For the records below, report how many lines include the word "after". Only the number should appear.
SOURCE INFORMATION START
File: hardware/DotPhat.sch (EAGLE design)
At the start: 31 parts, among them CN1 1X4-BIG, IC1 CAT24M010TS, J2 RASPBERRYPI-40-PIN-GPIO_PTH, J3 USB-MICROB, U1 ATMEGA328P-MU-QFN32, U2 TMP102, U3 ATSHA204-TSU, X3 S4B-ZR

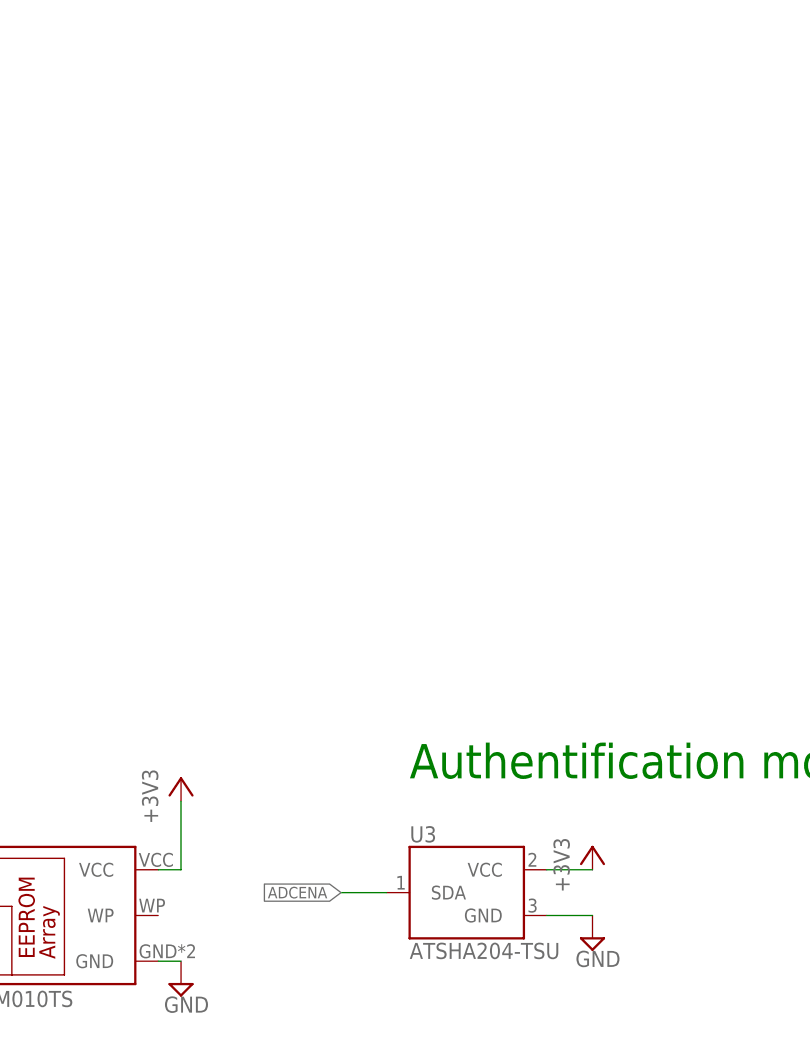
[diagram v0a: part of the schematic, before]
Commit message: Add pullup on SDA for crypto & bypass cap
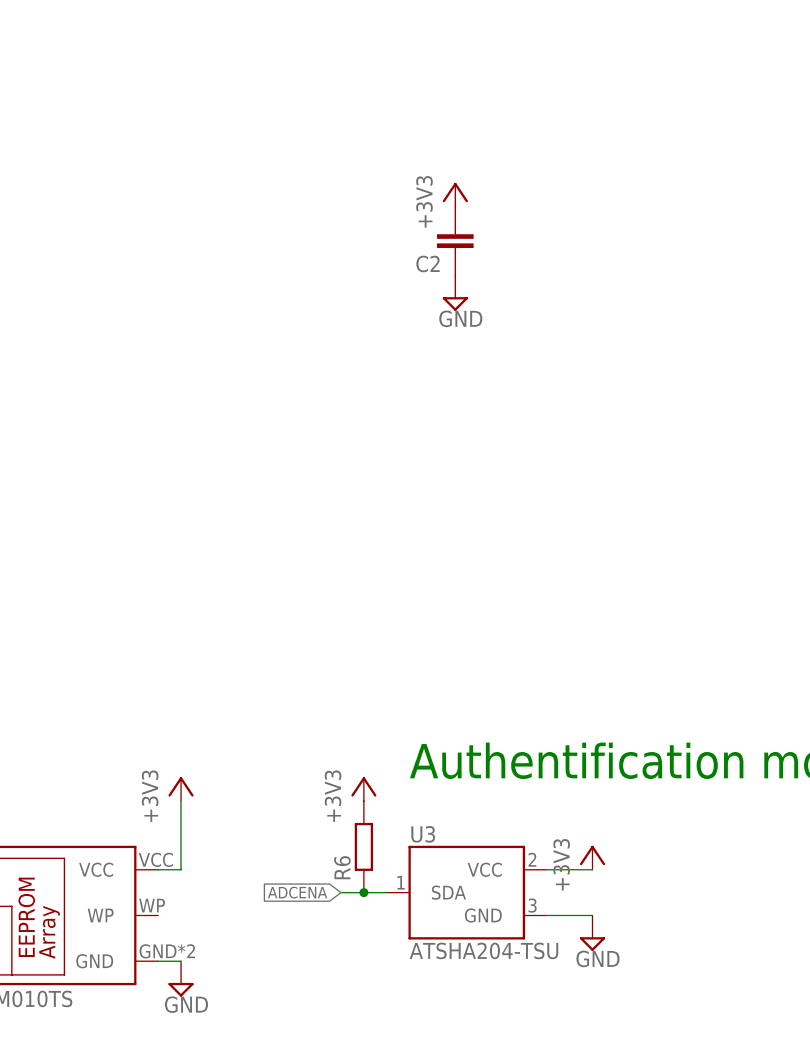
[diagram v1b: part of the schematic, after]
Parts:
- added C2: (no value), rcl:C-EUC3216
- added R6: (no value), rcl:R-EU_R0603
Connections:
- net +3V3: now also C2.2, R6.2
- net ADCENA: now also R6.1
- net GND: now also C2.1
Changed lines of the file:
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@@
 <part name="+3V10" library="supply1" deviceset="+3V3" device=""/>
 <part name="SUPPLY18" library="supply2" deviceset="GND" device=""/>
+<part name="R6" library="rcl" deviceset="R-EU_" device="R0603"/>
+<part name="+3V13" library="supply1" deviceset="+3V3" device=""/>
+<part name="C2" library="rcl" deviceset="C-EU" device="C3216"/>
+<part name="+3V15" library="supply1" deviceset="+3V3" device=""/>
+<part name="SUPPLY20" library="supply2" deviceset="GND" device=""/>
 </parts>
 <sheets>
@@
 <instance part="+3V10" gate="G$1" x="157.48" y="-154.94"/>
 <instance part="SUPPLY18" gate="GND" x="157.48" y="-165.1"/>
+<instance part="R6" gate="G$1" x="132.08" y="-154.94" rot="R90"/>
+<instance part="+3V13" gate="G$1" x="132.08" y="-147.32"/>
+<instance part="C2" gate="G$1" x="142.24" y="-88.9" rot="R180"/>
+<instance part="+3V15" gate="G$1" x="142.24" y="-81.28"/>
+<instance part="SUPPLY20" gate="GND" x="142.24" y="-93.98"/>
 </instances>
 <busses>
@@
 <pinref part="SUPPLY18" gate="GND" pin="GND"/>
 </segment>
+<segment>
+<pinref part="C2" gate="G$1" pin="1"/>
+<pinref part="SUPPLY20" gate="GND" pin="GND"/>
+</segment>
 </net>
 <net name="SDA" class="0">
@@
 <pinref part="+3V10" gate="G$1" pin="+3V3"/>
 </segment>
+<segment>
+<pinref part="R6" gate="G$1" pin="2"/>
+<pinref part="+3V13" gate="G$1" pin="+3V3"/>
+</segment>
+<segment>
+<pinref part="C2" gate="G$1" pin="2"/>
+<pinref part="+3V15" gate="G$1" pin="+3V3"/>
+</segment>
 </net>
 <net name="ADCENA" class="0">
@@
 <segment>
 <pinref part="U3" gate="G$1" pin="SDA"/>
-<wire x1="134.62" y1="-160.02" x2="129.54" y2="-160.02" width="0.1524" layer="91"/>
+<wire x1="134.62" y1="-160.02" x2="132.08" y2="-160.02" width="0.1524" layer="91"/>
 <label x="129.54" y="-160.02" size="1.27" layer="95" rot="R180" xref="yes"/>
-</segment>
-</net>
+<pinref part="R6" gate="G$1" pin="1"/>
+<wire x1="132.08" y1="-160.02" x2="129.54" y2="-160.02" width="0.1524" layer="91"/>
+<junction x="132.08" y="-160.02"/>
+</segment>
+</net>

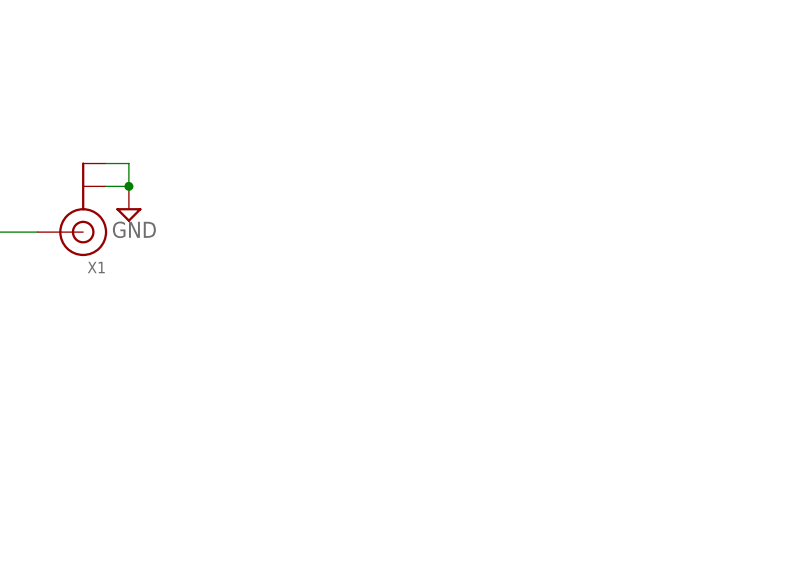
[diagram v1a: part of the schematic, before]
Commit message: Add Pi-network for antenna matching
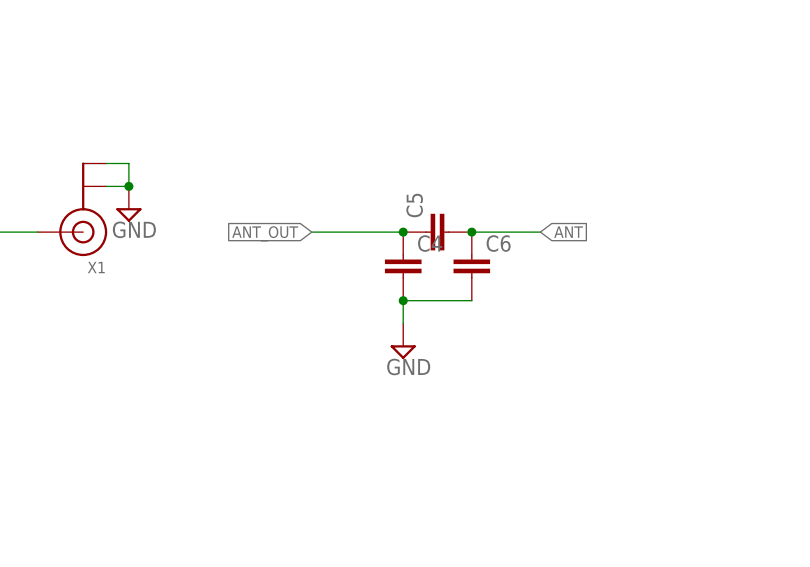
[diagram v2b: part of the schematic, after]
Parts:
- added C4, C5, C6: (no value), rcl:C-EUC0603
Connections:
- removed net N$3: U$1.ANT, X1.SIGNAL
- new net ANT: C5.2, C6.1
- new net ANT_OUT: C4.1, C5.1, U$1.ANT, X1.SIGNAL
- net GND: now also C4.2, C6.2
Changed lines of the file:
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@@
 <part name="+3V15" library="supply1" deviceset="+3V3" device=""/>
 <part name="SUPPLY20" library="supply2" deviceset="GND" device=""/>
+<part name="C4" library="rcl" deviceset="C-EU" device="C0603"/>
+<part name="C5" library="rcl" deviceset="C-EU" device="C0603"/>
+<part name="C6" library="rcl" deviceset="C-EU" device="C0603"/>
+<part name="SUPPLY21" library="supply2" deviceset="GND" device=""/>
 </parts>
 <sheets>
@@
 <instance part="+3V15" gate="G$1" x="142.24" y="-81.28"/>
 <instance part="SUPPLY20" gate="GND" x="142.24" y="-93.98"/>
+<instance part="C4" gate="G$1" x="213.36" y="68.58"/>
+<instance part="C5" gate="G$1" x="215.9" y="71.12" rot="R90"/>
+<instance part="C6" gate="G$1" x="220.98" y="68.58"/>
+<instance part="SUPPLY21" gate="GND" x="213.36" y="58.42"/>
 </instances>
 <busses>
@@
 <pinref part="SUPPLY20" gate="GND" pin="GND"/>
 </segment>
+<segment>
+<pinref part="C4" gate="G$1" pin="2"/>
+<pinref part="SUPPLY21" gate="GND" pin="GND"/>
+<wire x1="213.36" y1="63.5" x2="213.36" y2="60.96" width="0.1524" layer="91"/>
+<pinref part="C6" gate="G$1" pin="2"/>
+<wire x1="220.98" y1="63.5" x2="213.36" y2="63.5" width="0.1524" layer="91"/>
+<junction x="213.36" y="63.5"/>
+</segment>
 </net>
 <net name="SDA" class="0">
@@
 </segment>
 </net>
-<net name="N$3" class="0">
-<segment>
-<pinref part="U$1" gate="G$1" pin="ANT"/>
-<pinref part="X1" gate="G$1" pin="SIGNAL"/>
-<wire x1="157.48" y1="71.12" x2="172.72" y2="71.12" width="0.1524" layer="91"/>
-</segment>
-</net>
 <net name="OUTA" class="0">
 <segment>
@@
 </segment>
 </net>
+<net name="ANT_OUT" class="0">
+<segment>
+<pinref part="C4" gate="G$1" pin="1"/>
+<pinref part="C5" gate="G$1" pin="1"/>
+<wire x1="213.36" y1="71.12" x2="203.2" y2="71.12" width="0.1524" layer="91"/>
+<junction x="213.36" y="71.12"/>
+<label x="203.2" y="71.12" size="1.27" layer="95" rot="R180" xref="yes"/>
+</segment>
+<segment>
+<pinref part="U$1" gate="G$1" pin="ANT"/>
+<pinref part="X1" gate="G$1" pin="SIGNAL"/>
+<wire x1="157.48" y1="71.12" x2="172.72" y2="71.12" width="0.1524" layer="91"/>
+</segment>
+</net>
+<net name="ANT" class="0">
+<segment>
+<pinref part="C5" gate="G$1" pin="2"/>
+<pinref part="C6" gate="G$1" pin="1"/>
+<wire x1="220.98" y1="71.12" x2="228.6" y2="71.12" width="0.1524" layer="91"/>
+<junction x="220.98" y="71.12"/>
+<label x="228.6" y="71.12" size="1.27" layer="95" xref="yes"/>
+</segment>
+</net>

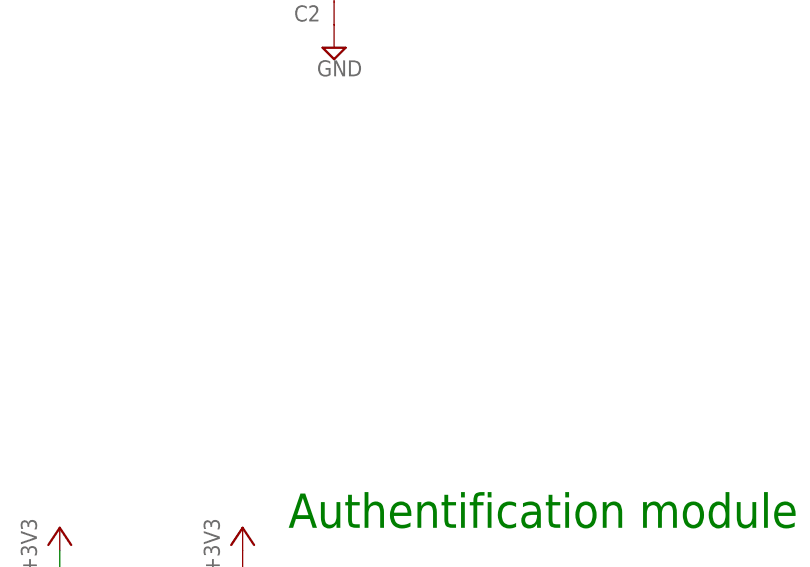
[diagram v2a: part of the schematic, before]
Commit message: Add support for high-precision chrystal
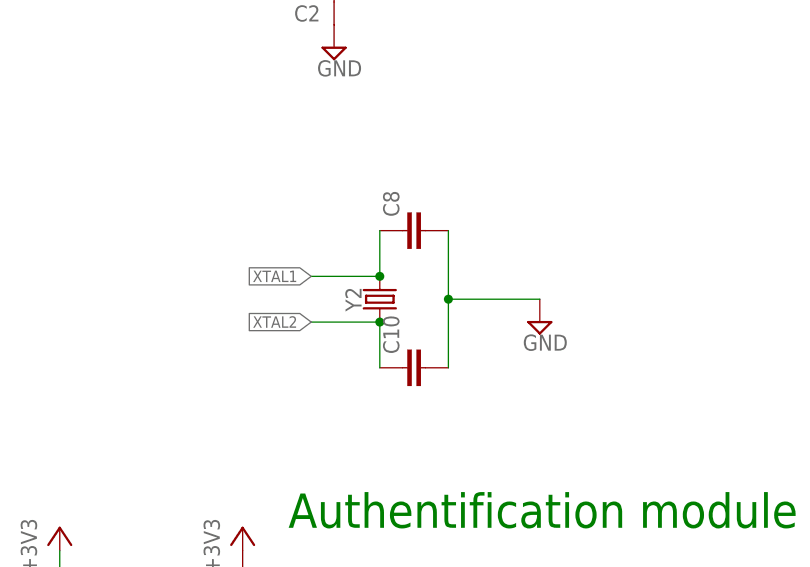
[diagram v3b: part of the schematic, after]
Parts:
- added C10, C8: (no value), rcl:C-EUC0402
- added Y2: (no value), SparkFun-Clocks:CRYSTALSMD-3.2X1.5
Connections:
- new net XTAL1: C8.1, Y2.2
- new net XTAL2: C10.1, Y2.1
- net GND: now also C10.2, C8.2
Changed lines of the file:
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@@
 <part name="C6" library="rcl" deviceset="C-EU" device="C0603"/>
 <part name="SUPPLY21" library="supply2" deviceset="GND" device=""/>
+<part name="Y2" library="SparkFun-Clocks" deviceset="CRYSTAL" device="SMD-3.2X1.5"/>
+<part name="SUPPLY26" library="supply2" deviceset="GND" device=""/>
+<part name="C8" library="rcl" deviceset="C-EU" device="C0402"/>
+<part name="C10" library="rcl" deviceset="C-EU" device="C0402"/>
 </parts>
 <sheets>
@@
 <instance part="C6" gate="G$1" x="220.98" y="68.58"/>
 <instance part="SUPPLY21" gate="GND" x="213.36" y="58.42"/>
+<instance part="Y2" gate="G$1" x="147.32" y="-121.92" rot="R90"/>
+<instance part="SUPPLY26" gate="GND" x="165.1" y="-124.46"/>
+<instance part="C8" gate="G$1" x="149.86" y="-114.3" rot="R90"/>
+<instance part="C10" gate="G$1" x="149.86" y="-129.54" rot="R90"/>
 </instances>
 <busses>
@@
 <junction x="213.36" y="63.5"/>
 </segment>
+<segment>
+<wire x1="154.94" y1="-114.3" x2="154.94" y2="-121.92" width="0.1524" layer="91"/>
+<pinref part="SUPPLY26" gate="GND" pin="GND"/>
+<wire x1="154.94" y1="-121.92" x2="154.94" y2="-129.54" width="0.1524" layer="91"/>
+<wire x1="165.1" y1="-121.92" x2="154.94" y2="-121.92" width="0.1524" layer="91"/>
+<junction x="154.94" y="-121.92"/>
+<pinref part="C8" gate="G$1" pin="2"/>
+<pinref part="C10" gate="G$1" pin="2"/>
+</segment>
 </net>
 <net name="SDA" class="0">
@@
 </segment>
 </net>
+<net name="XTAL1" class="0">
+<segment>
+<pinref part="Y2" gate="G$1" pin="2"/>
+<wire x1="147.32" y1="-114.3" x2="147.32" y2="-119.38" width="0.1524" layer="91"/>
+<wire x1="147.32" y1="-119.38" x2="139.7" y2="-119.38" width="0.1524" layer="91"/>
+<junction x="147.32" y="-119.38"/>
+<label x="139.7" y="-119.38" size="1.27" layer="95" rot="R180" xref="yes"/>
+<pinref part="C8" gate="G$1" pin="1"/>
+</segment>
+</net>
+<net name="XTAL2" class="0">
+<segment>
+<pinref part="Y2" gate="G$1" pin="1"/>
+<wire x1="147.32" y1="-124.46" x2="147.32" y2="-129.54" width="0.1524" layer="91"/>
+<wire x1="147.32" y1="-124.46" x2="139.7" y2="-124.46" width="0.1524" layer="91"/>
+<junction x="147.32" y="-124.46"/>
+<label x="139.7" y="-124.46" size="1.27" layer="95" rot="R180" xref="yes"/>
+<pinref part="C10" gate="G$1" pin="1"/>
+</segment>
+</net>

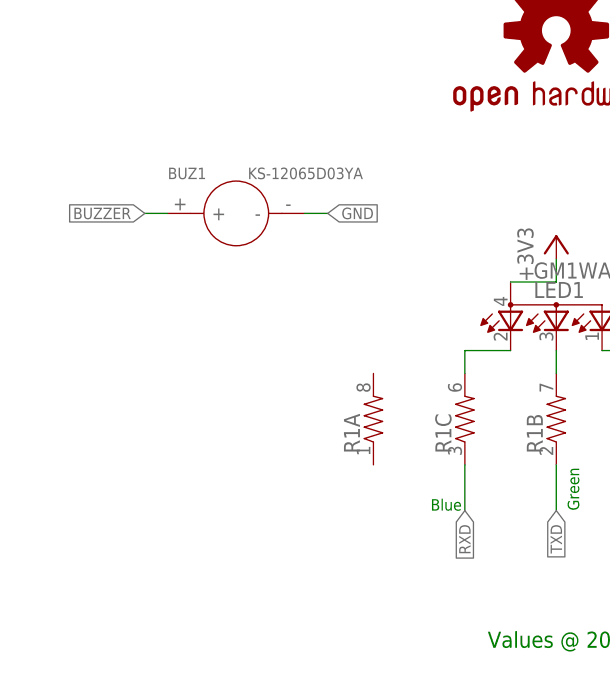
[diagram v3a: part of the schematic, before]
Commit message: Switch to SMD buzzer
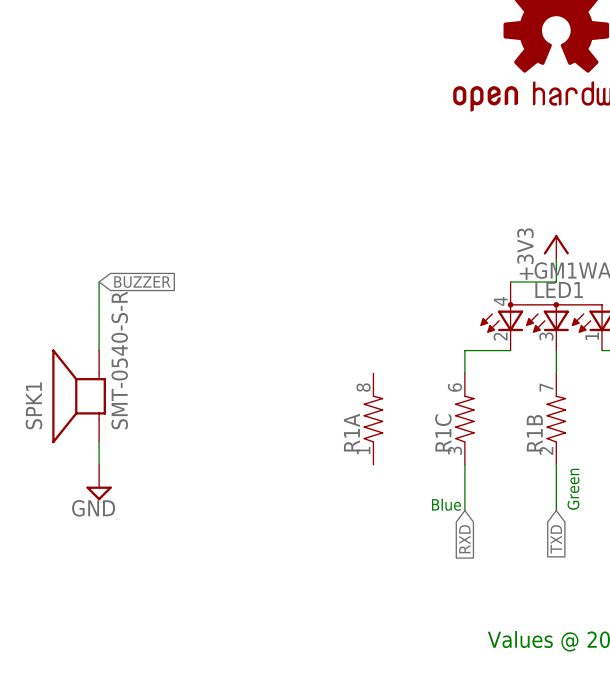
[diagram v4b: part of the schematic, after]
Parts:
- removed BUZ1: KS-12065D03YA, Seeed-OPL-Connector:DIP-BUZZER-3V(KS-12065D03YA)
- added SPK1: SMT-0540-S-R, adafruit:SMT-0540-S-R
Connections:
- net BUZZER: now also SPK1.-; no longer BUZ1.+
- net GND: now also SPK1.+; no longer BUZ1.-
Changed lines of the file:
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@@
 <part name="LED1" library="led" deviceset="GM1WA55311A" device=""/>
 <part name="J2" library="SparkFun-Connectors" deviceset="RASPBERRYPI-40-PIN-GPIO" device="_PTH"/>
-<part name="BUZ1" library="Seeed-OPL-Connector" deviceset="DIP-BUZZER-3V(KS-12065D03YA)" device="" value="KS-12065D03YA"/>
 <part name="LOGO1" library="Spark" deviceset="OSHW-LOGO" device="S"/>
 <part name="SUPPLY29" library="supply2" deviceset="GND" device=""/>
@@
 <part name="C8" library="rcl" deviceset="C-EU" device="C0402"/>
 <part name="C10" library="rcl" deviceset="C-EU" device="C0402"/>
+<part name="SPK1" library="adafruit" deviceset="SMT-0540-S-R" device=""/>
+<part name="SUPPLY22" library="supply2" deviceset="GND" device=""/>
 </parts>
 <sheets>
@@
 <instance part="LED1" gate="G$1" x="-22.86" y="73.66"/>
 <instance part="J2" gate="G$1" x="2.54" y="-30.48"/>
-<instance part="BUZ1" gate="G$1" x="-58.42" y="83.82"/>
 <instance part="LOGO1" gate="G$1" x="-22.86" y="104.14"/>
 <instance part="SUPPLY29" gate="GND" x="160.02" y="142.24" rot="R90"/>
@@
 <instance part="C8" gate="G$1" x="149.86" y="-114.3" rot="R90"/>
 <instance part="C10" gate="G$1" x="149.86" y="-129.54" rot="R90"/>
+<instance part="SPK1" gate="G$1" x="-73.66" y="63.5" rot="R90"/>
+<instance part="SUPPLY22" gate="GND" x="-73.66" y="53.34" rot="MR0"/>
 </instances>
 <busses>
@@
 <pinref part="Y1" gate="G$1" pin="2"/>
 <pinref part="SUPPLY30" gate="GND" pin="GND"/>
-</segment>
-<segment>
-<pinref part="BUZ1" gate="G$1" pin="-"/>
-<wire x1="-50.8" y1="83.82" x2="-48.26" y2="83.82" width="0.1524" layer="91"/>
-<label x="-48.26" y="83.82" size="1.27" layer="95" xref="yes"/>
 </segment>
 <segment>
@@
 <pinref part="C10" gate="G$1" pin="2"/>
 </segment>
+<segment>
+<pinref part="SPK1" gate="G$1" pin="+"/>
+<wire x1="-73.66" y1="58.42" x2="-73.66" y2="55.88" width="0.1524" layer="91"/>
+<pinref part="SUPPLY22" gate="GND" pin="GND"/>
+</segment>
 </net>
 <net name="SDA" class="0">
@@
 </segment>
 <segment>
-<pinref part="BUZ1" gate="G$1" pin="+"/>
-<wire x1="-66.04" y1="83.82" x2="-68.58" y2="83.82" width="0.1524" layer="91"/>
-<label x="-68.58" y="83.82" size="1.27" layer="95" rot="R180" xref="yes"/>
-</segment>
-</net>
+<pinref part="SPK1" gate="G$1" pin="-"/>
+<wire x1="-73.66" y1="68.58" x2="-73.66" y2="76.2" width="0.1524" layer="91"/>
+<label x="-73.66" y="76.2" size="1.27" layer="95" xref="yes"/>
+</segment>
+</net>
SOURCE INFORMATION END
▶ _OUTPUT FOR THIS TASK_:
4